[EXTRACTED MATERIAL Boundary: Start]

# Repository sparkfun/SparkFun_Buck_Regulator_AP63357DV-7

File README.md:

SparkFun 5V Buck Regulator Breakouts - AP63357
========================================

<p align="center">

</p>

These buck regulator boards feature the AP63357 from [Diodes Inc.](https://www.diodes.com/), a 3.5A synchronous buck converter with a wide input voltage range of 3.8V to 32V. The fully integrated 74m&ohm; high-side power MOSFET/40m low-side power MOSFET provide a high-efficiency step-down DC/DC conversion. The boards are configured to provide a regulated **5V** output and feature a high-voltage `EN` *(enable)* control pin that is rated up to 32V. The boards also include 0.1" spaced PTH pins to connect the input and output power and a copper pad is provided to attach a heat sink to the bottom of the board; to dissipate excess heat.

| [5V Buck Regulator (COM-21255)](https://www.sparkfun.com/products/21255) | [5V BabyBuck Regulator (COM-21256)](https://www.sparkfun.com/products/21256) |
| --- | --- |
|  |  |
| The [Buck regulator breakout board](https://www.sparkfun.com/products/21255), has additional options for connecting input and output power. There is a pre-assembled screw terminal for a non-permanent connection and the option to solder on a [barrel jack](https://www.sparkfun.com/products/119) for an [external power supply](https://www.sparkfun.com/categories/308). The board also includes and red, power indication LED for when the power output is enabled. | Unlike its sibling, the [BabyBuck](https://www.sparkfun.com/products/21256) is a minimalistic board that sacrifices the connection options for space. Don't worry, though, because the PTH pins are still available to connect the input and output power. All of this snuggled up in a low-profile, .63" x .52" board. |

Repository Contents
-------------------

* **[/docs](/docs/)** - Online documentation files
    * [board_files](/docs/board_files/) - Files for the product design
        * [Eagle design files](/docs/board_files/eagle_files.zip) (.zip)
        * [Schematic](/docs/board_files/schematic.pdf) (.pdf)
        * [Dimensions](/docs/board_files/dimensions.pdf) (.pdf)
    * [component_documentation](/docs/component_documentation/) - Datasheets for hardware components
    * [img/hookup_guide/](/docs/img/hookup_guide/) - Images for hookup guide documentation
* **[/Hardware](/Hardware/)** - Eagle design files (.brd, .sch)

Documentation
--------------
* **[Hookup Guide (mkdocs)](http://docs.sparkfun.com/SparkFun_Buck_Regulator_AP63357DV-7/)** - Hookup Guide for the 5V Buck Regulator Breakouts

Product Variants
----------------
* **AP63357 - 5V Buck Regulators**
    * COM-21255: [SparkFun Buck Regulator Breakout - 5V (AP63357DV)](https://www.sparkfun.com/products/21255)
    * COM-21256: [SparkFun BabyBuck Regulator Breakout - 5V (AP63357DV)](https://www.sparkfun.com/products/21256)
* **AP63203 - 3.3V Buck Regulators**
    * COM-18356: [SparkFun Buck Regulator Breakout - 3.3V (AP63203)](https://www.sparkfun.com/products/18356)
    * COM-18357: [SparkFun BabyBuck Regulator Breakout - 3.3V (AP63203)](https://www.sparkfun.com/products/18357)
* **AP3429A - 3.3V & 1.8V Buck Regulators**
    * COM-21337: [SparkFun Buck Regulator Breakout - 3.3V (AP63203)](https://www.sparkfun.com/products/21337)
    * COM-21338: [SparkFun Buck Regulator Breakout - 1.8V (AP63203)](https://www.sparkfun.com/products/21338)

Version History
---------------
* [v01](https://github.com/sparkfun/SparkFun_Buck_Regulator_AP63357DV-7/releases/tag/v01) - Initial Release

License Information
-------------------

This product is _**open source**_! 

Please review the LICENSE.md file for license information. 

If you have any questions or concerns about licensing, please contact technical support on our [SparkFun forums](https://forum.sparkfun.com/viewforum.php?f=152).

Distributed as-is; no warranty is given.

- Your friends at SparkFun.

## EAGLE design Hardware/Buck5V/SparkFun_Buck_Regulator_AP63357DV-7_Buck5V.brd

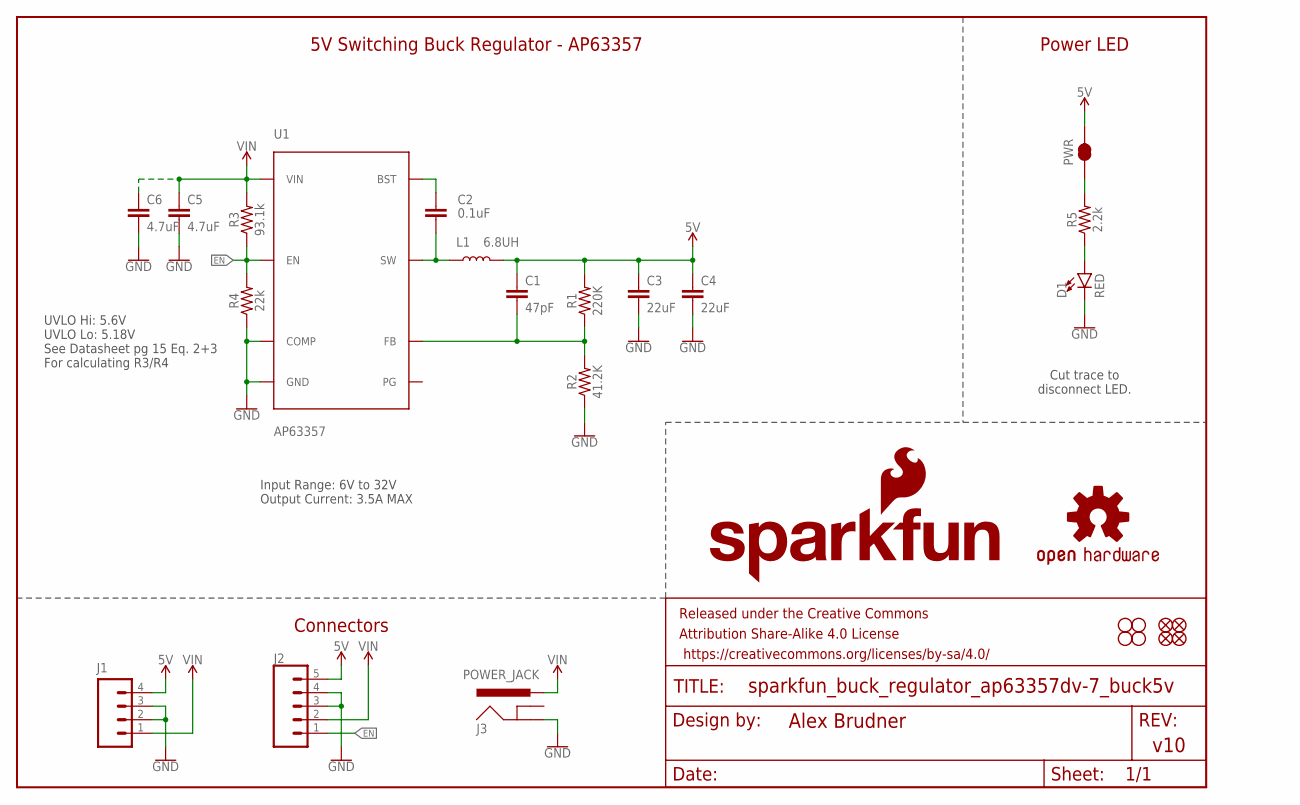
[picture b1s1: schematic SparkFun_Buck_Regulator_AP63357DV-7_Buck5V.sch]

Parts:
C1: 47pF; 0402-TIGHT
C2: 0.1uF; 0402-TIGHT
C3, C4: 22uF; 0805
C5, C6: 4.7uF; 0805
D1: RED; LED-0603
FD1, FD2, FD3, FD4: FIDUCIALUFIDUCIAL; FIDUCIAL-MICRO
FRAME1: FRAME-LEDGER; CREATIVE_COMMONS
H1, H2, H3, H4: STAND-OFF
J1: CONN_04SCREW; SCREWTERMINAL-3.5MM-4
J2: CONN_05NO_SILK; 1X05_NO_SILK
J3: POWER_JACK; POWER_JACK_PTH_SLOT_NO_OVRHNG_SILK
L1: 6.8UH; 07A7_6U8H
LOGO1: OSHW-LOGOMINI; OSHW-LOGO-MINI
LOGO2: SFE_LOGO_NAME_FLAME.1_INCH; SFE_LOGO_NAME_FLAME_.1
PWR: JUMPER-SMT_2_NC_TRACE_SILK; SMT-JUMPER_2_NC_TRACE_SILK
R1: 220K; 0402-TIGHT
R2: 41.2K; 0402-TIGHT
R3: 93.1k; 0402-TIGHT
R4: 22k; 0402-TIGHT
R5: 2.2k; 0402-TIGHT
U1: AP63357; V-DFN3020-13

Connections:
5V: C1.1, C3.1, C4.1, J1.4, J2.5, L1.P$2 (2), PWR.2, R1.2
EN: J2.1, R3.1, R4.2, U1.P$2 (EN)
FB: C1.2, R1.1, R2.2, U1.P$3 (FB)
GND: C3.2, C4.2, C5.2, C6.2, D1.C, J1.2, J1.3, J2.3, J2.4, J3.GND, R2.1, R4.1, U1.P$4 (COMP), U1.P$8 (GND)
unnamed: D1.A, R5.1
unnamed: C2.1, U1.P$6 (BST)
unnamed: PWR.1, R5.2
SW: C2.2, L1.P$1 (1), U1.P$7 (SW), U1.P$9 (SW)
VIN: C5.1, C6.1, J1.1, J2.2, J3.PWR, R3.2, U1.P$1 (VIN)

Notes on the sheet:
Power LED
Connectors
5V Switching Buck Regulator - AP63357
Input Range: 6V to 32V Output Current: 3.5A MAX
Cut trace to disconnect LED.
UVLO Hi: 5.6V UVLO Lo: 5.18V See Datasheet pg 15 Eq. 2+3 For calculating R3/R4

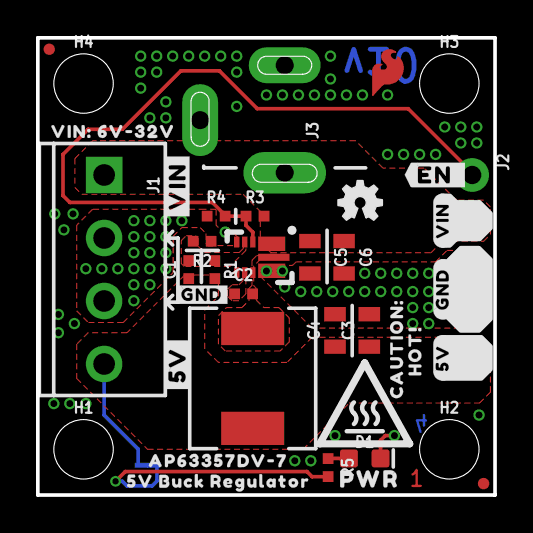
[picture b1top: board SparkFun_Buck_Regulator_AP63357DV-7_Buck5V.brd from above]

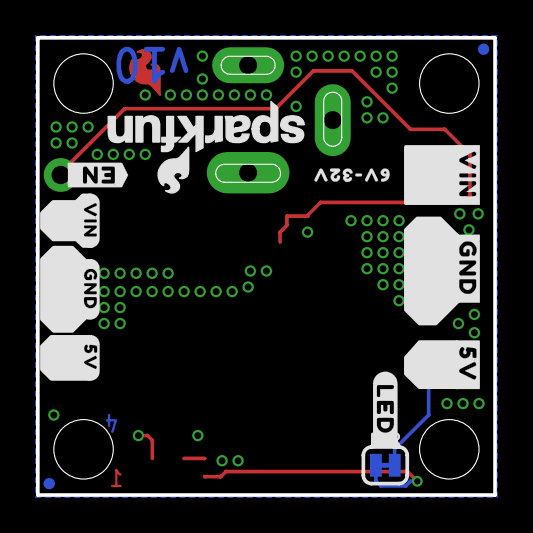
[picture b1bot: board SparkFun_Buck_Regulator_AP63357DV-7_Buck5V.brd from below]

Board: 4 copper layers, 25.4 x 25.4 mm, 54 parts (13 on the bottom side), 9 nets.

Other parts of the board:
U$1: AP63357DV#70
U$2: 5V_BUCK_REGULATOR0
U$3: #5V#4
U$4: #VIN#8
U$5, U$13: #VIN#0
U$6, U$7: #GND#0
U$8, U$19: #EN_#0
U$9: #GND#9
U$10: #5V#10
U$11: 6V#32V10
U$12: HOT##0
U$14, U$24: #5V#0
U$15: #LED_#0
U$16: CAUTION#0
U$17: SFE_LOGO_FLAME_COPPER_EXPOSED_.1
U$18: VIN#_6V#32V0
U$20: PWR0
U$21: #GND#1
U$22: HIGH_TEMP_WARNING
U$23: ORDERING_INSTRUCTIONS
U$26: #VIN#3

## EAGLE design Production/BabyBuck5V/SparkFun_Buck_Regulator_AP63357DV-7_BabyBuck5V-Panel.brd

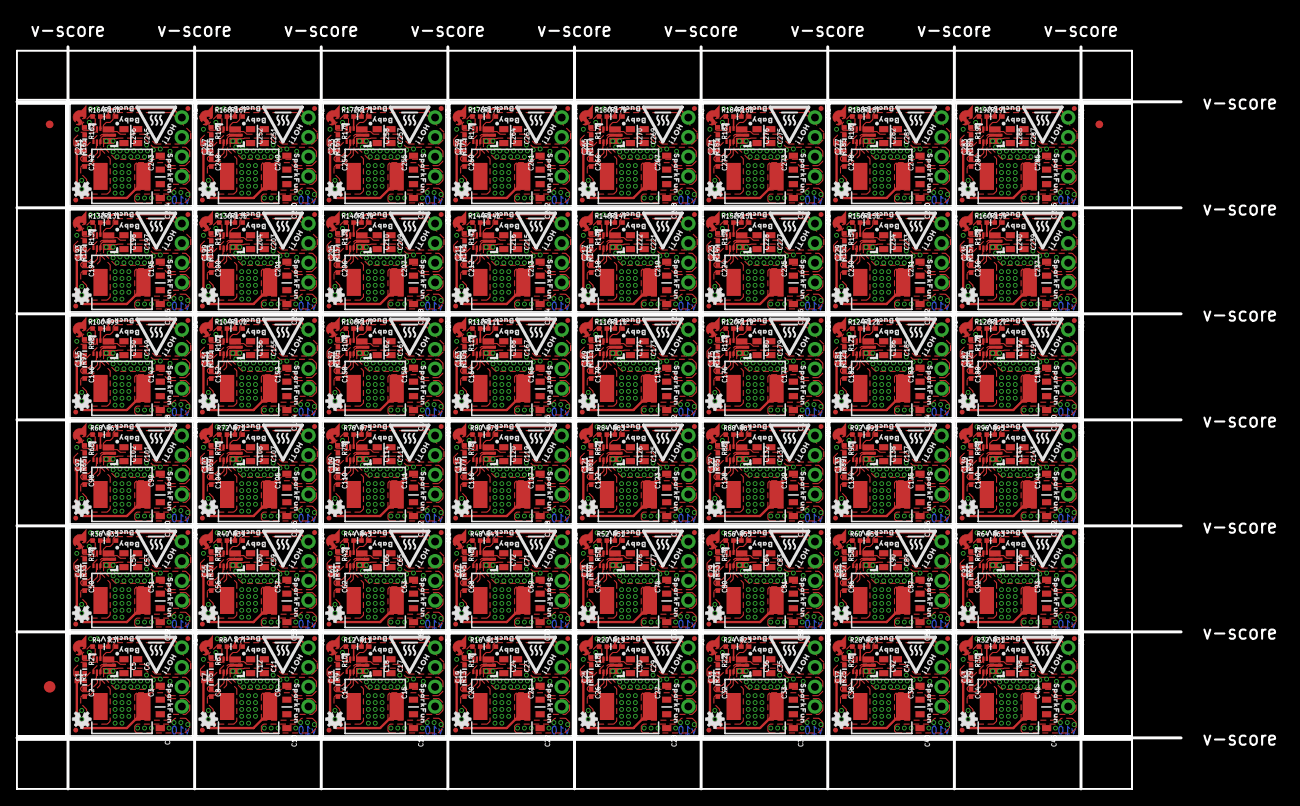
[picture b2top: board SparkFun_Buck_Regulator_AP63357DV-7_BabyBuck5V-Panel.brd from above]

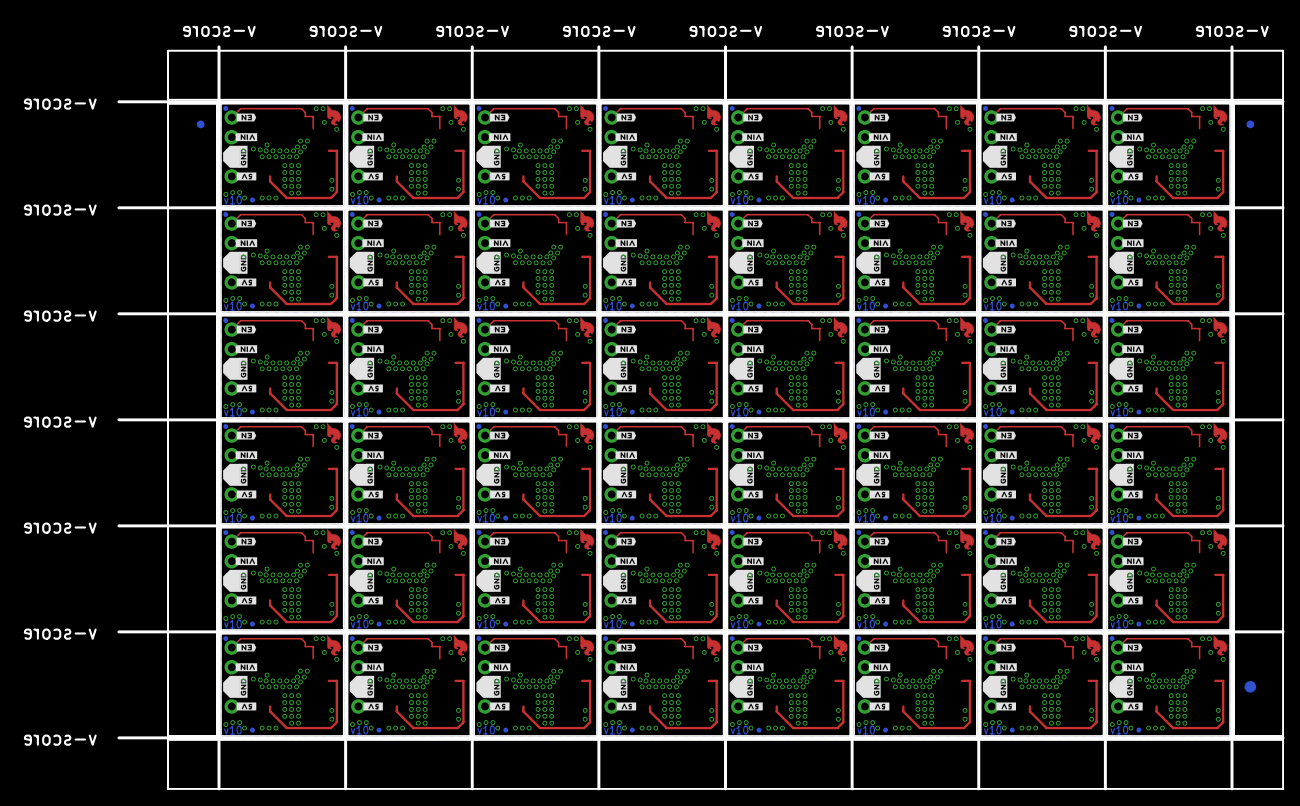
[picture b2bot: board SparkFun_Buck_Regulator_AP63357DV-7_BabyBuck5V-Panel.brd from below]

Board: 4 copper layers, 150.6 x 96.0 mm, 1446 parts (291 on the bottom side), 336 nets.

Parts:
C1, C7, C13, C19, C25, C31, C37, C43, C49, C55, C61, C67, C73, C79, C85, C91, C97, C103, C109, C115, C121, C127, C133, C139, C145, C151, C157, C163, C169, C175, C181, C187, C193, C199, C205, C211, C217, C223, C229, C235, C241, C247, C253, C259, C265, C271, C277, C283: 47pF; 0402-TIGHT
C2, C8, C14, C20, C26, C32, C38, C44, C50, C56, C62, C68, C74, C80, C86, C92, C98, C104, C110, C116, C122, C128, C134, C140, C146, C152, C158, C164, C170, C176, C182, C188, C194, C200, C206, C212, C218, C224, C230, C236, C242, C248, C254, C260, C266, C272, C278, C284: 0.1uF; 0402-TIGHT
C3, C4, C9, C10, C15, C16, C21, C22, C27, C28, C33, C34, C39, C40, C45, C46, C51, C52, C57, C58, C63, C64, C69, C70, C75, C76, C81, C82, C87, C88, C93, C94, C99, C100, C105, C106, C111, C112, C117, C118, C123, C124, C129, C130, C135, C136, C141, C142, C147, C148, C153, C154, C159, C160, C165, C166, C171, C172, C177, C178, C183, C184, C189, C190, C195, C196, C201, C202, C207, C208, C213, C214, C219, C220, C225, C226, C231, C232, C237, C238, C243, C244, C249, C250, C255, C256, C261, C262, C267, C268, C273, C274, C279, C280, C285, C286: 22uF; 0805
C5, C6, C11, C12, C17, C18, C23, C24, C29, C30, C35, C36, C41, C42, C47, C48, C53, C54, C59, C60, C65, C66, C71, C72, C77, C78, C83, C84, C89, C90, C95, C96, C101, C102, C107, C108, C113, C114, C119, C120, C125, C126, C131, C132, C137, C138, C143, C144, C149, C150, C155, C156, C161, C162, C167, C168, C173, C174, C179, C180, C185, C186, C191, C192, C197, C198, C203, C204, C209, C210, C215, C216, C221, C222, C227, C228, C233, C234, C239, C240, C245, C246, C251, C252, C257, C258, C263, C264, C269, C270, C275, C276, C281, C282, C287, C288: 4.7uF; 0805
E$1, E$2, E$3, E$4: FIDUCIAL-1X2
E$5, E$6: FIDUCIAL-1.5X3
FD1, FD2, FD3, FD4, FD5, FD6, FD7, FD8, FD9, FD10, FD11, FD12, FD13, FD14, FD15, FD16, FD17, FD18, FD19, FD20, FD21, FD22, FD23, FD24, FD25, FD26, FD27, FD28, FD29, FD30, FD31, FD32, FD33, FD34, FD35, FD36, FD37, FD38, FD39, FD40, FD41, FD42, FD43, FD44, FD45, FD46, FD47, FD48, FD49, FD50, FD51, FD52, FD53, FD54, FD55, FD56, FD57, FD58, FD59, FD60, FD61, FD62, FD63, FD64, FD65, FD66, FD67, FD68, FD69, FD70, FD71, FD72, FD73, FD74, FD75, FD76, FD77, FD78, FD79, FD80, FD81, FD82, FD83, FD84, FD85, FD86, FD87, FD88, FD89, FD90, FD91, FD92, FD93, FD94, FD95, FD96, FD97, FD98, FD99, FD100, FD101, FD102, FD103, FD104, FD105, FD106, FD107, FD108, FD109, FD110, FD111, FD112, FD113, FD114, FD115, FD116, FD117, FD118, FD119, FD120, FD121, FD122, FD123, FD124, FD125, FD126, FD127, FD128, FD129, FD130, FD131, FD132, FD133, FD134, FD135, FD136, FD137, FD138, FD139, FD140, FD141, FD142, FD143, FD144, FD145, FD146, FD147, FD148, FD149, FD150, FD151, FD152, FD153, FD154, FD155, FD156, FD157, FD158, FD159, FD160, FD161, FD162, FD163, FD164, FD165, FD166, FD167, FD168, FD169, FD170, FD171, FD172, FD173, FD174, FD175, FD176, FD177, FD178, FD179, FD180, FD181, FD182, FD183, FD184, FD185, FD186, FD187, FD188, FD189, FD190, FD191, FD192: FIDUCIALUFIDUCIAL; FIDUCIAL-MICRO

[EXTRACTED MATERIAL Boundary: End]

Both boundary lines included, write out word for word only the lines above from the one containing "C2: 0.1uF; 0402-TIGHT" to the one containing "[picture b2bot: board", leaving out any pictures.

**FINISHED TASK:**
C2: 0.1uF; 0402-TIGHT
C3, C4: 22uF; 0805
C5, C6: 4.7uF; 0805
D1: RED; LED-0603
FD1, FD2, FD3, FD4: FIDUCIALUFIDUCIAL; FIDUCIAL-MICRO
FRAME1: FRAME-LEDGER; CREATIVE_COMMONS
H1, H2, H3, H4: STAND-OFF
J1: CONN_04SCREW; SCREWTERMINAL-3.5MM-4
J2: CONN_05NO_SILK; 1X05_NO_SILK
J3: POWER_JACK; POWER_JACK_PTH_SLOT_NO_OVRHNG_SILK
L1: 6.8UH; 07A7_6U8H
LOGO1: OSHW-LOGOMINI; OSHW-LOGO-MINI
LOGO2: SFE_LOGO_NAME_FLAME.1_INCH; SFE_LOGO_NAME_FLAME_.1
PWR: JUMPER-SMT_2_NC_TRACE_SILK; SMT-JUMPER_2_NC_TRACE_SILK
R1: 220K; 0402-TIGHT
R2: 41.2K; 0402-TIGHT
R3: 93.1k; 0402-TIGHT
R4: 22k; 0402-TIGHT
R5: 2.2k; 0402-TIGHT
U1: AP63357; V-DFN3020-13

Connections:
5V: C1.1, C3.1, C4.1, J1.4, J2.5, L1.P$2 (2), PWR.2, R1.2
EN: J2.1, R3.1, R4.2, U1.P$2 (EN)
FB: C1.2, R1.1, R2.2, U1.P$3 (FB)
GND: C3.2, C4.2, C5.2, C6.2, D1.C, J1.2, J1.3, J2.3, J2.4, J3.GND, R2.1, R4.1, U1.P$4 (COMP), U1.P$8 (GND)
unnamed: D1.A, R5.1
unnamed: C2.1, U1.P$6 (BST)
unnamed: PWR.1, R5.2
SW: C2.2, L1.P$1 (1), U1.P$7 (SW), U1.P$9 (SW)
VIN: C5.1, C6.1, J1.1, J2.2, J3.PWR, R3.2, U1.P$1 (VIN)

Notes on the sheet:
Power LED
Connectors
5V Switching Buck Regulator - AP63357
Input Range: 6V to 32V Output Current: 3.5A MAX
Cut trace to disconnect LED.
UVLO Hi: 5.6V UVLO Lo: 5.18V See Datasheet pg 15 Eq. 2+3 For calculating R3/R4

[picture b1top: board SparkFun_Buck_Regulator_AP63357DV-7_Buck5V.brd from above]

[picture b1bot: board SparkFun_Buck_Regulator_AP63357DV-7_Buck5V.brd from below]

Board: 4 copper layers, 25.4 x 25.4 mm, 54 parts (13 on the bottom side), 9 nets.

Other parts of the board:
U$1: AP63357DV#70
U$2: 5V_BUCK_REGULATOR0
U$3: #5V#4
U$4: #VIN#8
U$5, U$13: #VIN#0
U$6, U$7: #GND#0
U$8, U$19: #EN_#0
U$9: #GND#9
U$10: #5V#10
U$11: 6V#32V10
U$12: HOT##0
U$14, U$24: #5V#0
U$15: #LED_#0
U$16: CAUTION#0
U$17: SFE_LOGO_FLAME_COPPER_EXPOSED_.1
U$18: VIN#_6V#32V0
U$20: PWR0
U$21: #GND#1
U$22: HIGH_TEMP_WARNING
U$23: ORDERING_INSTRUCTIONS
U$26: #VIN#3

## EAGLE design Production/BabyBuck5V/SparkFun_Buck_Regulator_AP63357DV-7_BabyBuck5V-Panel.brd

[picture b2top: board SparkFun_Buck_Regulator_AP63357DV-7_BabyBuck5V-Panel.brd from above]

[picture b2bot: board SparkFun_Buck_Regulator_AP63357DV-7_BabyBuck5V-Panel.brd from below]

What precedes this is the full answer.